__WHAT THE EXERCISE ASKS__
Please report every line in the entries that contains the string "ezdxf".

__Data excerpts__

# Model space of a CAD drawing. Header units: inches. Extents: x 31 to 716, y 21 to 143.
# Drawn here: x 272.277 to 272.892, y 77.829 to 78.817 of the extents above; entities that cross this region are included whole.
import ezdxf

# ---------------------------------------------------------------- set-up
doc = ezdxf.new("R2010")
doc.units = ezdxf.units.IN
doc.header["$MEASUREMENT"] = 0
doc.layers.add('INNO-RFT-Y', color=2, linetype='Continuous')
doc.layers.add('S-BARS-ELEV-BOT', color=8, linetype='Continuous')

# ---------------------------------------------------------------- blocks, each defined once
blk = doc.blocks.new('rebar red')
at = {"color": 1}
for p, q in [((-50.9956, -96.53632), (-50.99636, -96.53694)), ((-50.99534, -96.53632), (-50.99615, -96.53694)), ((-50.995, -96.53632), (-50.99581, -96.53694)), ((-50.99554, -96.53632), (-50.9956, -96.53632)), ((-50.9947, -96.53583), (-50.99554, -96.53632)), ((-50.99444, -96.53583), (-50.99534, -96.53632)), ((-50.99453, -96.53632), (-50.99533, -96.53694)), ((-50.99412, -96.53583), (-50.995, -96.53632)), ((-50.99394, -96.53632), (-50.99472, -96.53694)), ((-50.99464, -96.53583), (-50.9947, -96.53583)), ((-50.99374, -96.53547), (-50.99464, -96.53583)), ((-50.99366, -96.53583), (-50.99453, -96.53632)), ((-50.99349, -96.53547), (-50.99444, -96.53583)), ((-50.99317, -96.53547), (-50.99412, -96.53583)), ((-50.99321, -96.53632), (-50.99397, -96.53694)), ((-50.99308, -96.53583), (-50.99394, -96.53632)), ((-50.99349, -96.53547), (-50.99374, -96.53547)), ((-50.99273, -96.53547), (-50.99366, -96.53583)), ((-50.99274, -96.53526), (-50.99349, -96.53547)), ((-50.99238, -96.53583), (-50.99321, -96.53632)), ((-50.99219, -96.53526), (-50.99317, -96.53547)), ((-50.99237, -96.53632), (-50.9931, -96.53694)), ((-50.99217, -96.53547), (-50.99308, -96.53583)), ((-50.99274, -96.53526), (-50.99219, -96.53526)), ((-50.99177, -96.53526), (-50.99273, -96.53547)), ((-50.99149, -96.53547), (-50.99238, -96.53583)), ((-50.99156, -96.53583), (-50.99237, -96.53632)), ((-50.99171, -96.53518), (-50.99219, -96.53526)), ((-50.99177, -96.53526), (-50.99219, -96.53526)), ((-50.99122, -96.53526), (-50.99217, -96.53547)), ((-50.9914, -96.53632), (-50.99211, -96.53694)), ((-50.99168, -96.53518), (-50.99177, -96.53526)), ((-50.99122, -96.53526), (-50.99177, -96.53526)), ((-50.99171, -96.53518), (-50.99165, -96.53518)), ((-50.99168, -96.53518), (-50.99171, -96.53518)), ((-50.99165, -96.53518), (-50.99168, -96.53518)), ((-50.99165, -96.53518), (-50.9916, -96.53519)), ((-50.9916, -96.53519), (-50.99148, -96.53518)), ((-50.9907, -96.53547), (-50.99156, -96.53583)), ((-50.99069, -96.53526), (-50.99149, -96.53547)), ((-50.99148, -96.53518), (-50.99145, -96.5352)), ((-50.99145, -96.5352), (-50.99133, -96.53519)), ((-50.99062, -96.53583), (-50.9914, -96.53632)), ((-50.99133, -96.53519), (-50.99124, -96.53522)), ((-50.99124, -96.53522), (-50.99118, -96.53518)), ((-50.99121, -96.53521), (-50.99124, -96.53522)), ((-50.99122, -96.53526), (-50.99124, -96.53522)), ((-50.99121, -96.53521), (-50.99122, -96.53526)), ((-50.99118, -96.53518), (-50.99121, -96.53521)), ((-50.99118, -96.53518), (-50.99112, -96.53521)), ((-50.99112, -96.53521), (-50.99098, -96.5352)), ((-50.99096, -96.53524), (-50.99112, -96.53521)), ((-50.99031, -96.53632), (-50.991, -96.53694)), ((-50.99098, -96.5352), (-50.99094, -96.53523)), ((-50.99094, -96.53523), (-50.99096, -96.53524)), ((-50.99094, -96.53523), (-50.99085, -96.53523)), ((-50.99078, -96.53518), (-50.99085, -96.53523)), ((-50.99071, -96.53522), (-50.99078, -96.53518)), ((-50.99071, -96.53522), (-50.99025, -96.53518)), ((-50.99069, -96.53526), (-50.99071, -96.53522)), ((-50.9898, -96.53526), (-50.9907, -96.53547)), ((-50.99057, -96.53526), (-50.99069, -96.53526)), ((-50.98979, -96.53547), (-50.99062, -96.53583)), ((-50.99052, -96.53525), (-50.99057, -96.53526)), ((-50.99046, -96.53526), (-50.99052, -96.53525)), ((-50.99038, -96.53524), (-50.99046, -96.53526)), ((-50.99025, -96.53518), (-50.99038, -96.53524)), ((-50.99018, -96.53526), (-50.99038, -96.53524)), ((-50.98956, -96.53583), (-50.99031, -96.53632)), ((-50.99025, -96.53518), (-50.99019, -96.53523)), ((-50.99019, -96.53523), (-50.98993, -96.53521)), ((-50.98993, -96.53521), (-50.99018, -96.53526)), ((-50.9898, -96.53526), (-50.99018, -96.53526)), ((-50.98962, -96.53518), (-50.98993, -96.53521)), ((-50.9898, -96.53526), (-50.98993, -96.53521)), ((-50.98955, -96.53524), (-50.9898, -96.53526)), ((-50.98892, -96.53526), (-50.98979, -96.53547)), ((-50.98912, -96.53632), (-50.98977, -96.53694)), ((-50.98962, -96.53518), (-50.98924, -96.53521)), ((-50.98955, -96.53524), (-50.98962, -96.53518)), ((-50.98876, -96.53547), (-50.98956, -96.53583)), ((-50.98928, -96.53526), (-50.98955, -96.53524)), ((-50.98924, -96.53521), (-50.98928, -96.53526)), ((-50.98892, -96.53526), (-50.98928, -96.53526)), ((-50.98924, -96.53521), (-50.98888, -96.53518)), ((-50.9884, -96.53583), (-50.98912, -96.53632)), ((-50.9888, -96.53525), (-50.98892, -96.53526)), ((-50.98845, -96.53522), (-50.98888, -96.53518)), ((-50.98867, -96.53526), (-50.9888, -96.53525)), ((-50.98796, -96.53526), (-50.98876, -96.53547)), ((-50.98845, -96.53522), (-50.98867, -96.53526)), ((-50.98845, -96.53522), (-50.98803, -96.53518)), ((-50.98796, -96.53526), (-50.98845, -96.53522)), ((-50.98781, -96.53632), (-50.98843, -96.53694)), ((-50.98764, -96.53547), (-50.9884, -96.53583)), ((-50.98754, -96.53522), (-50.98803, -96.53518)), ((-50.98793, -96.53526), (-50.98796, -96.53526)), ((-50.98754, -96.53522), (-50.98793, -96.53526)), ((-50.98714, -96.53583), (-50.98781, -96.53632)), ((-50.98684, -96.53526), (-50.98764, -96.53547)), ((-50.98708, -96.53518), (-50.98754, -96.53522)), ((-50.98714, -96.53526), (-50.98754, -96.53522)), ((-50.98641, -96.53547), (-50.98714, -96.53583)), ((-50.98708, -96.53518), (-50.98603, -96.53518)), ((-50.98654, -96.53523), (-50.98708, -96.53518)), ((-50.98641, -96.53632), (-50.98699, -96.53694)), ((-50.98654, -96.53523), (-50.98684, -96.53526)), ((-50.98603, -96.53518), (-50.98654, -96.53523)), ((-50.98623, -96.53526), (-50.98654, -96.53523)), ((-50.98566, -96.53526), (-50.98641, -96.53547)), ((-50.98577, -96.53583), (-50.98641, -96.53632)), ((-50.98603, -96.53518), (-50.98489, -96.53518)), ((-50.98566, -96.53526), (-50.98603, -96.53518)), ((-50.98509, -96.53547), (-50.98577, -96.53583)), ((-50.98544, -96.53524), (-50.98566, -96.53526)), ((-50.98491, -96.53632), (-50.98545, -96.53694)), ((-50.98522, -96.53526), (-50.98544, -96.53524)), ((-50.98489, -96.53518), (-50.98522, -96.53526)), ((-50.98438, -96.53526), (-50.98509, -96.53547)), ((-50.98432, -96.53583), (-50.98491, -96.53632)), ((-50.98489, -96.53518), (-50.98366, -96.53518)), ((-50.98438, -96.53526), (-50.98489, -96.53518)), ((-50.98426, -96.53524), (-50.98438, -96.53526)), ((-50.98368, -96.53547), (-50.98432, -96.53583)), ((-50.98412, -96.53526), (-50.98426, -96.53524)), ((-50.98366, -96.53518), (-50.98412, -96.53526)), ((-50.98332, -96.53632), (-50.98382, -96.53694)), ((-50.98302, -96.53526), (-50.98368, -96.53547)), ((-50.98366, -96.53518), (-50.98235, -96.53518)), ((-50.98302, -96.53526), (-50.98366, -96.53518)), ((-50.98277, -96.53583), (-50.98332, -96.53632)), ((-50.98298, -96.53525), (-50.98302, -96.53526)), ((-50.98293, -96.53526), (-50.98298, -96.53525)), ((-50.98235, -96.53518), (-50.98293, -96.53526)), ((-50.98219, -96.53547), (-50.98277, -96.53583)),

__EXERCISE ANSWER__
import ezdxf
doc = ezdxf.new("R2010")
doc.units = ezdxf.units.IN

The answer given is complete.